◆ Data:
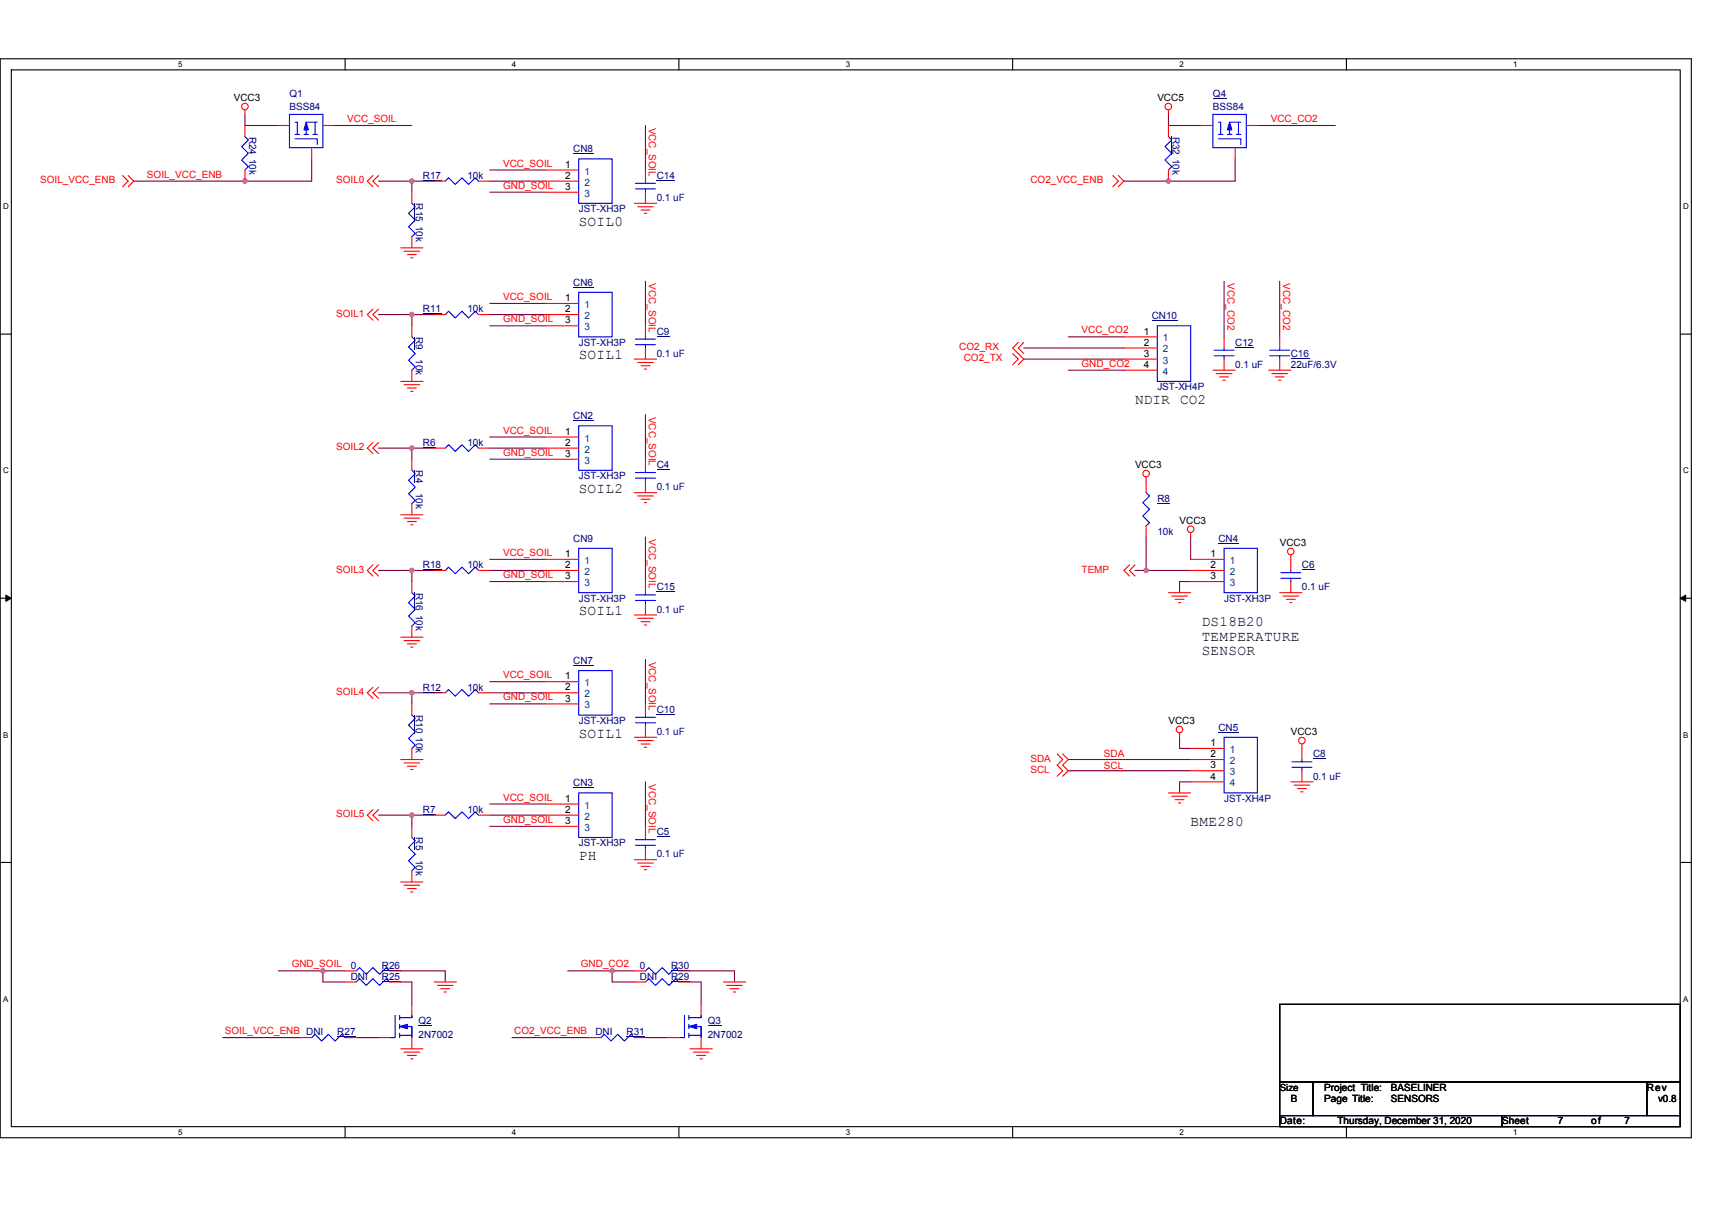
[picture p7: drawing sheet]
<svg xmlns="http://www.w3.org/2000/svg" width="297mm" height="210mm" viewBox="0 0 297 210" stroke-linecap="round" stroke-linejoin="round" font-family="sans-serif">
<path d="M0 10.2h293.5v187.2h-293.5zM2 12.1h289.5v183.4h-289.5z" fill="none" stroke="#000" stroke-width=".19"/>
<g fill="#fff">
<path d="M30.9 10.4h.8v1.6h-.8z"/>
<path d="M30.9 195.7h.8v1.6h-.8z"/>
</g>
<path d="M59.9 10.2v1.9M59.9 195.5v1.9" fill="none" stroke="#000" stroke-width=".19"/>
<g fill="#fff">
<path d="M88.8 10.4h.8v1.6h-.8z"/>
<path d="M88.8 195.7h.8v1.6h-.8z"/>
</g>
<path d="M117.8 10.2v1.9M117.8 195.5v1.9" fill="none" stroke="#000" stroke-width=".19"/>
<g fill="#fff">
<path d="M146.7 10.4h.8v1.6h-.8z"/>
<path d="M146.7 195.7h.8v1.6h-.8z"/>
</g>
<path d="M175.7 10.2v1.9M175.7 195.5v1.9" fill="none" stroke="#000" stroke-width=".19"/>
<g fill="#fff">
<path d="M204.7 10.4h.7v1.6h-.7z"/>
<path d="M204.7 195.7h.7v1.6h-.7z"/>
</g>
<path d="M233.6 10.2v1.9M233.6 195.5v1.9" fill="none" stroke="#000" stroke-width=".19"/>
<g fill="#fff">
<path d="M262.6 10.4h.7v1.6h-.7z"/>
<path d="M262.6 195.7h.7v1.6h-.7z"/>
<path d="M.5 35.1h1v1.5h-1z"/>
<path d="M292 35.1h1v1.5h-1z"/>
<path d="M.5 80.9h1v1.5h-1z"/>
<path d="M292 80.9h1v1.5h-1z"/>
</g>
<path d="M0 58h2M291.5 58h2" fill="none" stroke="#000" stroke-width=".19"/>
<g fill="#fff">
<path d="M.5 126.7h.9v1.6h-.9z"/>
<path d="M292 126.7h.9v1.6h-.9z"/>
</g>
<path d="M0 103.8h2M291.5 103.8h2" fill="none" stroke="#000" stroke-width=".19"/>
<path d="M1 103.3l1 .5-1 .6zM291.5 103.8l1-.5v1.1z" fill="#000" stroke="#000" stroke-width=".17"/>
<g fill="#fff">
<path d="M.5 172.6h.9v1.5h-.9z"/>
<path d="M292 172.6h.9v1.5h-.9z"/>
</g>
<path d="M0 149.7h2M291.5 149.7h2M222 174.3h69.5v13.5h-69.5zM222 187.8h5.8v5.8h-5.8zM222 193.6h38.6v1.9h-38.6zM227.8 187.8h57.9v5.8h-57.9zM260.6 193.6h30.9v1.9h-30.9zM285.7 187.8h5.8v5.8h-5.8z" fill="none" stroke="#000" stroke-width=".19"/>
<g fill="none" stroke="#800040" stroke-width=".19">
<path d="M42.5 19.9v1.9h5.8M202.7 19.9v1.9h5.8M54.1 27.6v3.8h-30.9M58 21.8h13.5M65.7 31.4h5.8M71.5 31.4h3.8M71.5 31.4v2M85 31.4h9.6M85 33.4h9.6M85 29.5h9.6M112 21.8v7.7M214.3 27.6v3.8h-19.3"/>
<path d="M218.2 21.8h13.5M65.7 54.6h5.8M71.5 54.6h3.8M71.5 54.6v1.9M85 54.6h9.6M85 56.5h9.6M85 52.7h9.6M112 48.8v7.7M185.4 58.5h9.6M212.4 48.8v9.7M222 48.8v9.7M65.7 77.8h5.8"/>
<path d="M71.5 77.8h3.8M71.5 77.8v1.9M85 77.8h9.6M85 75.8h9.6M85 79.7h9.6M112 72v7.7M177.6 62.3h17.4M177.6 60.4h17.4M185.4 64.2h9.6M65.7 99h5.8M71.5 99h3.8M71.5 99v1.9"/>
<path d="M85 99h9.6M85 97.1h9.6M112 93.2v7.7M196.9 99h2M198.9 93.2v5.8M198.9 99h7.7M206.6 93.2v3.9M85 100.9h9.6M85 118.3h9.6M112 114.4v7.8M206.6 100.9h-1.9v1.9M65.7 120.2h5.8"/>
<path d="M71.5 120.2h3.8M71.5 120.2v2M85 120.2h9.6M85 139.5h9.6M85 122.2h9.6M112 135.7v7.7M185.4 131.8h21.2M185.4 133.8h21.2M204.7 128v1.9h1.9M206.6 135.7h-1.9v1.9M65.7 141.5h5.8M71.5 141.5h3.8"/>
<path d="M71.5 141.5v1.9M85 141.5h9.6M85 143.4h9.6M48.3 168.5h7.7M56 168.5v1.9h3.9M56 168.5h3.9M69.5 170.4h2v3.9M69.5 168.5h7.8v1.9M98.5 168.5h7.7M106.2 168.5v1.9h3.9M106.2 168.5h3.9M119.7 170.4h1.9v3.9"/>
<path d="M119.7 168.5h7.7v1.9M38.6 180.1h13.6M61.8 180.1h3.9M88.8 180.1h13.5M112 180.1h3.9"/>
</g>
<g fill="#f0f" stroke="#f0f" stroke-width=".19">
<circle cx="42.5" cy="31.4" r=".38"/>
<circle cx="71.4" cy="31.4" r=".38"/>
<circle cx="71.4" cy="77.8" r=".38"/>
<circle cx="71.4" cy="141.5" r=".38"/>
<circle cx="202.7" cy="31.4" r=".38"/>
<circle cx="198.9" cy="99" r=".38"/>
<circle cx="56" cy="168.5" r=".38"/>
<circle cx="106.2" cy="168.5" r=".38"/>
<circle cx="71.4" cy="99" r=".38"/>
<circle cx="71.4" cy="120.2" r=".38"/>
<circle cx="71.4" cy="54.6" r=".38"/>
</g>
<g fill="none" stroke="#f00" stroke-width=".19">
<path d="M42.5 19.1v.8M202.7 19.1v.8M21.3 30.5l.9 .9-.9 1M22.2 30.5l1 .9-1 1M42.5 21.8v1.9M42.5 29.5v1.9M48.3 21.8h1.9M54.1 25.6v2M56 21.8h2M64.7 30.5l-1 .9 1 1M65.7 30.5l-1 .9 1 1M71.5 33.4v1.9"/>
<path d="M75.3 31.4h2M83 31.4h2M94.6 29.5h5.8M94.6 31.4h5.8M94.6 33.4h5.8M110.1 35.3h3.8M110.7 35.9h2.6M111.2 36.4h1.6M111.8 37h.4M112 29.5v1.9M112 33.4v1.9M193.1 30.5l.9 .9-.9 1"/>
<path d="M194 30.5l1 .9-1 1M202.7 21.8v1.9M202.7 29.5v1.9M208.5 21.8h2M214.3 25.6v2M216.2 21.8h2M64.7 53.6l-1 1 1 1M65.7 53.6l-1 1 1 1M69.5 43h3.9M70.1 43.6h2.7M70.7 44.2h1.5M71.3 44.7h.3"/>
<path d="M71.5 56.5v2M71.5 41.1v1.9M75.3 54.6h2M83 54.6h2M94.6 52.7h5.8M94.6 54.6h5.8M94.6 56.5h5.8M112 56.5v2M176.7 59.4l-1 1 1.9 1.9-.9 1M177.6 59.4l-.9 1 .9 1M195 58.5h5.8M212.4 58.5v1.9"/>
<path d="M222 58.5v1.9M64.7 76.8l-1 1 1 .9M65.7 76.8l-1 1 1 .9M69.5 66.2h3.9M70.1 66.8h2.7M70.7 67.3h1.5M71.3 67.9h.3M71.5 64.2v2M71.5 79.7v1.9M75.3 77.8h2M83 77.8h2M94.6 75.8h5.8"/>
<path d="M94.6 77.8h5.8M94.6 79.7h5.8M110.1 62.3h3.8M110.7 62.9h2.6M111.2 63.5h1.6M111.8 64.1h.4M112 79.7v1.9M112 60.4v1.9M175.7 61.4l1 .9-1 1M195 60.4h5.8M195 62.3h5.8M195 64.2h5.8"/>
<path d="M210.5 64.2h3.8M211 64.8h2.7M211.6 65.4h1.5M212.2 66h.4M212.4 62.3v1.9M220.1 64.2h3.9M220.7 64.8h2.7M221.3 65.4h1.5M221.8 66h.4M222 62.3v1.9M64.7 98l-1 1 1 1M65.7 98l-1 1 1 1"/>
<path d="M69.5 89.3h3.9M70.1 89.9h2.7M70.7 90.5h1.5M71.3 91.1h.3M71.5 87.4v1.9M75.3 99h2M83 99h2M94.6 97.1h5.8M94.6 99h5.8M110.1 85.5h3.8M110.7 86.1h2.6M111.2 86.6h1.6"/>
<path d="M111.8 87.2h.4M112 83.5v2M196 98l-1 1 1 1M196.9 98l-.9 1 .9 1M198.9 91.3v1.9M198.9 82.8v2.7M206.6 92.4v.8M206.6 97.1h5.8M206.6 99h5.8M224 96.3v2.7M64.7 119.3l-1 .9 1 1M65.7 119.3l-1 .9 1 1"/>
<path d="M69.5 110.6h3.9M70.1 111.2h2.7M70.7 111.7h1.5M71.3 112.3h.3M71.5 100.9v1.9M71.5 108.6v2M94.6 100.9h5.8M94.6 118.3h5.8M110.1 106.7h3.8M110.7 107.3h2.6M111.2 107.9h1.6M111.8 108.5h.4"/>
<path d="M112 100.9v1.9M112 104.8v1.9M202.7 102.8h3.9M203.3 103.4h2.7M203.9 104h1.5M204.5 104.6h.3M206.6 100.9h5.8M222 102.8h3.9M222.6 103.4h2.7M223.2 104h1.5M223.8 104.6h.4M224 100.9v1.9"/>
<path d="M69.5 131.8h3.9M70.1 132.4h2.7M70.7 133h1.5M71.3 133.5h.3M71.5 122.2v1.9M71.5 129.9v1.9M75.3 120.2h2M83 120.2h2M94.6 120.2h5.8M94.6 122.2h5.8M94.6 139.5h5.8M110.1 128h3.8"/>
<path d="M110.7 128.5h2.6M111.2 129.1h1.6M111.8 129.7h.4M112 122.2v1.9M112 126v2M183.4 130.9l1 .9-1 1 1 1-1 .9M184.4 130.9l1 .9-1 1 1 1-1 .9M202.7 137.6h3.9M203.3 138.2h2.7M203.9 138.8h1.5M204.5 139.3h.3M204.7 127.2v.8"/>
<path d="M206.6 129.9h5.8M206.6 131.8h5.8M206.6 133.8h5.8M206.6 135.7h5.8M224 135.7h3.8M224.5 136.2h2.7M225.1 136.8h1.6M225.7 137.4h.4M225.9 129.1v2.7M225.9 133.8v1.9M64.7 140.5l-1 1 1 .9M65.7 140.5l-1 1 1 .9"/>
<path d="M69.5 153.1h3.9M70.1 153.6h2.7M70.7 154.2h1.5M71.3 154.8h.3M71.5 143.4v1.9M71.5 151.1v2M75.3 141.5h2M83 141.5h2M94.6 141.5h5.8M94.6 143.4h5.8M110.1 149.2h3.8M110.7 149.8h2.6"/>
<path d="M111.2 150.3h1.6M111.8 150.9h.4M112 143.4v1.9M112 147.3v1.9M59.9 168.5h1.9M59.9 170.4h1.9M67.6 168.5h1.9M67.6 170.4h1.9M71.5 174.3v1.9M75.3 170.4h3.9M75.9 171h2.7M76.5 171.6h1.5"/>
<path d="M77.1 172.1h.3M110.1 170.4h1.9M110.1 168.5h1.9M117.8 170.4h1.9M117.8 168.5h1.9M121.6 174.3v1.9M125.5 170.4h3.9M126.1 171h2.7M126.7 171.6h1.5M127.3 172.1h.3M52.2 180.1h1.9M59.9 180.1h1.9"/>
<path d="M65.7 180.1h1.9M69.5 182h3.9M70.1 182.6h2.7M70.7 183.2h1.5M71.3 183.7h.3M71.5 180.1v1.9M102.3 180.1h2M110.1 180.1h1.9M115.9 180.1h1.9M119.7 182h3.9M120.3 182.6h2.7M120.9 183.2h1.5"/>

◆ What this task involves: The answer must be every line of the data that holds the word "circle".

◆ Exercise result:
<circle cx="42.5" cy="31.4" r=".38"/>
<circle cx="71.4" cy="31.4" r=".38"/>
<circle cx="71.4" cy="77.8" r=".38"/>
<circle cx="71.4" cy="141.5" r=".38"/>
<circle cx="202.7" cy="31.4" r=".38"/>
<circle cx="198.9" cy="99" r=".38"/>
<circle cx="56" cy="168.5" r=".38"/>
<circle cx="106.2" cy="168.5" r=".38"/>
<circle cx="71.4" cy="99" r=".38"/>
<circle cx="71.4" cy="120.2" r=".38"/>
<circle cx="71.4" cy="54.6" r=".38"/>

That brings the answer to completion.